Nur ein kleines Zauberwort.

Was ist los mit uns? Heute ist einmal wieder einer dieser Tage, an denen ich mich mehr als tausendmal bedanken möchte. Freundlich lächeln. Einen schönen Tag wünschen. Türen aufhalten.  Für die anderen. Weil ich mich fast schäme für das Verhalten meiner Artgenossen.

Morgens werde ich zum Kaffee in meinem E-Mail-Postfach mit „fyi“ und „ok“ begrüßt. Ganzer Inhalt der E-Mails. Über Facebook erreichen mich Nachrichten mit „kannst Du mal kurz schauen?“, „hast Du … ?“ und „wenn Du kurz…“, zudem habe ich auf meiner Mailbox (eines geschäftlichen Anrufers von 7.18 Uhr) ein wirres Kauderwelsch aber keinen Namen und keine Nummer, wer dort etwas von mir will. Einen „guten Tag“ oder ein „auf Wiederhören“ erwarte ich schon gar nicht mehr. Der DHL Mann lässt mir das Paket vor die Füße fallen und scheint taubstumm – zumindest perlen mein „Guten Morgen“ und „Einen schönen Tag“ an ihm ab wie Regentropfen. Wortlos streckt er mir das Unterschriftengerät entgegen.

Die Bäckereifachverkäuferin begrüßt mich mit „was?“ und knallt mir nach meiner Bestellung mit einem „58 Cent!“ die Tüte auf die Theke. Natürlich verlasse ich die Brottheke nicht, ohne dass mir meine Hinterfrau zweimal mit dem Einkaufswagen in die Hacken gefahren ist.

Rechts vor Links? Scheint es in München nicht mehr zu geben. Den Blinker benutzt niemand und es ist klar, dass man die Lücke für Linksabbieger an der roten Ampel zufährt.
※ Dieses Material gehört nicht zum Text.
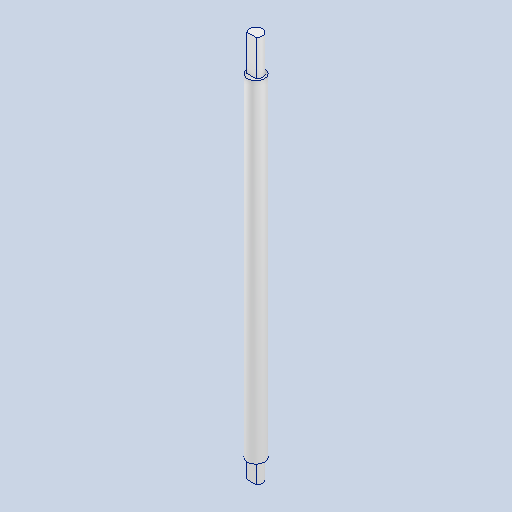
# Autodesk Inventor part: screw_screw
Saved by Autodesk Inventor 2024.1 (Build 281209000, 209)
## iProperties
Created: 2025-01-17
Part Number: screw_screw
Material: アルミニウム 6061
Document SubType Name: Modeling
Designer: hibik
Density: 2.7 g/cm^3
Appearance: アルミニウム - フラット
Author: hibik
Autodesk Inventor part; units mm, degrees
ref_plane "YZ Plane" through (0, 0, 0) normal (1, 0, 0) x (0, 1, 0)
ref_plane "XZ Plane" through (0, 0, 0) normal (0, 1, 0) x (-1, 0, 0)
ref_plane "XY Plane" through (0, 0, 0) normal (0, 0, 1) x (1, 0, 0)
sketch "スケッチ1" plane through (0, 0, 0) normal (0, 1, 0) x (-1, 0, 0)
  circle A0 centre (0, 0) radius 2
  dimension "d0" = 4
  constraints: 1 centre point, 1 coincident
  measures "d0" diameter of A0
extrude "押し出し1" add sketch "スケッチ1" along normal blind 97
sketch "スケッチ2" plane through (0, 0, 0) normal (0, -1, 0) x (1, 0, 0)
  circle A0 centre (0, 0) radius 1.5
  line L0 (-1.118, 1) -> (1.118, 1)
  circle A1 centre (0, 0) radius 2 projected
  circle A2 centre (0, 0) radius 2 projected
  dimension "d3" = 3
  dimension "d4" = 1
  constraints: 2 end point, 2 point on circle, 1 centre point, 1 coincident, 1 horizontal
  measures "d3" diameter of A0
  measures "d4" distance from line of point (0, 0) L0
extrude "押し出し2" cut sketch "スケッチ2" against normal blind 8 contours L0 A0 | A1 picked at (-0.0599, 1.1631)
sketch "スケッチ3" plane through (0, 97, 0) normal (0, 1, 0) x (1, 0, 0)
  arc A0 (1.118, -1) -> (-1.118, -1) centre (0, 0) ccw projected
  line L0 (1.118, -1) -> (-1.118, -1) projected
  circle A1 centre (0, 0) radius 2 projected
extrude "押し出し3" cut sketch "スケッチ3" against normal blind 12
sketch "スケッチ4" plane through (0, 97, 0) normal (0, 1, 0) x (1, 0, 0)
  arc A0 (1.118, -1) -> (-1.118, -1) centre (0, 0) ccw projected
  line L0 (-1.118, -1) -> (1.118, -1) projected
extrude "押し出し4" cut sketch "スケッチ4" against normal blind 3.7
sketch "スケッチ5" plane through (0, 0, 0) normal (0, -1, 0) x (1, 0, 0)
  line L0 (1.118, 1) -> (-1.118, 1) projected
  arc A0 (-1.118, 1) -> (1.118, 1) centre (0, 0) ccw projected
extrude "押し出し5" cut sketch "スケッチ5" against normal blind 3.5
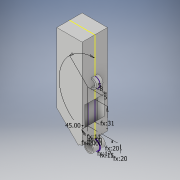
# Autodesk Inventor part: lower leg V2
Saved by Autodesk Inventor 2019 (Build 230136000, 136)
## iProperties
Created: 2018-07-06
Part Number: lower leg V2
Material: Generic
Document SubType Name: Modeling
Designer: HIVE
Density: 1 g/cm^3
Appearance: Default
Author: HIVE
Autodesk Inventor part; units mm, degrees
ref_plane "YZ Plane" through (0, 0, 0) normal (1, 0, 0) x (0, 1, 0)
ref_plane "XZ Plane" through (0, 0, 0) normal (0, 1, 0) x (-1, 0, 0)
ref_plane "XY Plane" through (0, 0, 0) normal (0, 0, 1) x (1, 0, 0)
sketch "Sketch1" plane through (0, 0, 0) normal (0, 1, 0) x (-1, 0, 0)
  line L0 (0, 0) -> (40, 0)
  line L1 (40, 0) -> (40, -40)
  line L2 (40, -40) -> (0, -40)
  line L3 (0, -40) -> (0, 0)
  dimension "d9" = 40
  dimension "d10" = 40
  constraints: 8 end point, 2 parallel, 1 horizontal, 1 perpendicular
  measures "d9" distance of L1.end L2.end
  measures "d10" distance of L0.end L1.end
extrude "Extrusion1" add sketch "Sketch1" along normal blind 150
ref_plane "Work Plane1" through (-40, 0, -20) normal (0, 0, 1) x (1, 0, 0)
sketch "Sketch2" plane through (-40, 0, -20) normal (0, 0, 1) x (1, 0, 0)
  line L0 (40, 0) -> (0, 0) projected
  line L1 (40, 0) -> (40, 150) projected
  line L2 (0, 150) -> (40, 150) projected
  line L3 (0, 0) -> (0, 150) projected
  line L4 (40, 31) -> (29, 20)
  line L5 (29, 20) -> (29, 73)
  line L6 (29, 73) -> (40, 62)
  line L7 (40, 0) -> (40, 150) projected
  arc A0 (40, 81) -> (40, 91) centre (40, 86) ccw
  arc A1 (40, 78) -> (40, 94) centre (40, 86) ccw
  line L8 (0, 0) -> (40, 0) projected
  line L9 (40, 0) -> (0, 0) projected
  line L10 (40, 0) -> (20, 0)
  line L11 (20, 0) -> (20, 0)
  line L12 (20, 0) -> (40, 0)
  line L13 (40, 0) -> (40, 0)
  line L14 (40, 31) -> (40, 62)
  circle A2 centre (40, 0) radius 5.5
  arc A3 (32.5, 0) -> (34.6967, 5.3033) centre (40, 0) ccw
  arc A4 (31.5, 0) -> (33.9896, 6.0104) centre (40, 0) ccw
  arc A5 (33.9896, 6.0104) -> (31.5, 0) centre (40, 0) ccw
  line L15 (31.5, 0) -> (0, 0)
  line L16 (0, 0) -> (0, 150) projected
  line L17 (0, 40) -> (0, 0)
  line L18 (0, 40) -> (34.6967, 5.3033)
  arc A6 (34.6967, 5.3033) -> (32.5, 0) centre (40, 0) ccw
  dimension "d2" = 45
  dimension "d3" = 45
  dimension "d5" = 11
  dimension "d8" = 31
  dimension "d12" = 5
  dimension "d13" = 8
  dimension "d14" = 5
  dimension "d28" = 20
  dimension "d30" = 20
  dimension "d35" = 20
  dimension "d36" = 11
  dimension "d37" = 15
  dimension "d38" = 17
  dimension "d42" = 45
  constraints: 22 end point, 12 point on circle, 10 point on line, 7 centre point, 3 coincident, 2 collinear, 2 vertical, 1 horizontal, 1 parallel, 1 perpendicular
  measures "d2" angle of L1 L6
  measures "d3" angle of L1 L4
  measures "d5" distance between parallel lines of L1 L5
  measures "d8" distance of L4.start L6.end
  measures "d12" vertical distance of L5.end A1.start
  measures "d13" radius of A1
  measures "d14" radius of A0
  measures "d28" distance of L12.end L11.end
  measures "d30" distance from line of L12 L4.end
  measures "d35" distance from line of L0 L4.end
  measures "d36" diameter of A2
  measures "d37" diameter of A3
  measures "d38" diameter of A4
  measures "d42" angle of L3 L18
extrude "Extrusion3" add sketch "Sketch2" along normal mid plane 10 contours L1 A0 A1
extrude "Extrusion4" add sketch "Sketch2" along normal mid plane 18 contours A6 A3 L1 A2 L0 | L0 A2 L1 A3
extrude "Extrusion5" cut sketch "Sketch2" along normal through all both and the other way through all contours A2 L1 L0 | L0 L1 A2
extrude "Extrusion6" cut sketch "Sketch2" along normal up to surface (11 mm away) from surface at 9 contours A3 L1 A4 L0 | A6 A3 L1 A2 L0 | L0 A2 L1 A3 | L0 A5 L18 A6 | A3 L18 A4 L1
extrude "Extrusion7" cut sketch "Sketch2" against normal up to surface (11 mm away) from surface at -9 contours A3 L1 A4 L0 | A6 A3 L1 A2 L0 | L0 A2 L1 A3 | L0 A5 L18 A6 | A3 L18 A4 L1
extrude "Extrusion8" cut sketch "Sketch2" along normal mid plane 31 contours L4 L5 L6 L1
extrude "Extrusion11" cut sketch "Sketch2" along normal mid plane 40 contours L0 A5 L18 A6 | L0 L3 L18 A5
equation "\"d9\" = legDiam"
equation "\"d10\" = legDiam"
equation "\"d5\" = kneeBallBaseH + clearance"
equation "\"d8\" = kneeBallBaseW + clearance"
equation "\"d28\" = kneeBallDepth"
equation "\"d30\" = kneeBallLocationExtend"
equation "\"d35\" = kneeBallLocationExtend"
equation "\"d36\" = kneeBallBaseH + clearance"
equation "\"d19\" = 0.5 * legDiam - 2 * clearance"
equation "\"d31\" = kneeBallBaseW + clearance"
equation "\"d43\" = legDiam"
equation "\"legDiam\" = 40"
equation "\"kneeBallBaseH\" = 10"
equation "\"clearance\" = 1"
equation "\"kneeBallBaseW\" = 30"
equation "\"kneeBallDepth\" = 20"
equation "\"kneeBallLocationExtend\" = 20"
body "Solid1"

Warum sollte der andere auch schneller voran kommen als ich?

Als ich das Lokal, in dem ich zum Lunch verabredet bin, betrete und einer Dame mit Kinderwagen die Tür aufhalte, geht sie wortlos hindurch. Dafür lässt mir mein Vordermann die Zwischentür auf die Nase fallen.
Im Lokal fragen wir am Nebentisch, ob wir uns wohl einen Stuhl borgen können (das Pärchen sitzt zu zweit mit sechs Stühlen am Tisch) – Nein. Die sechs Stühle langweilen sich alleine weiter, bis wir gehen. Natürlich nicht, ohne 15 Minuten in einem fast leeren Lokal auf die Kellnerin gewartet zu haben, um zu bezahlen.

Es wäre so einfach, die Welt ein bisschen erträglicher zu gestalten. Ein „Bitte“, ein „Danke“, ein Nicken oder ein Lächeln. Vielleicht sogar ein kleines Kompliment. Das sind die kleinen Schlüssel, die das Nebeneinander zum Miteinander machen.
Ich habe es noch nicht aufgegeben.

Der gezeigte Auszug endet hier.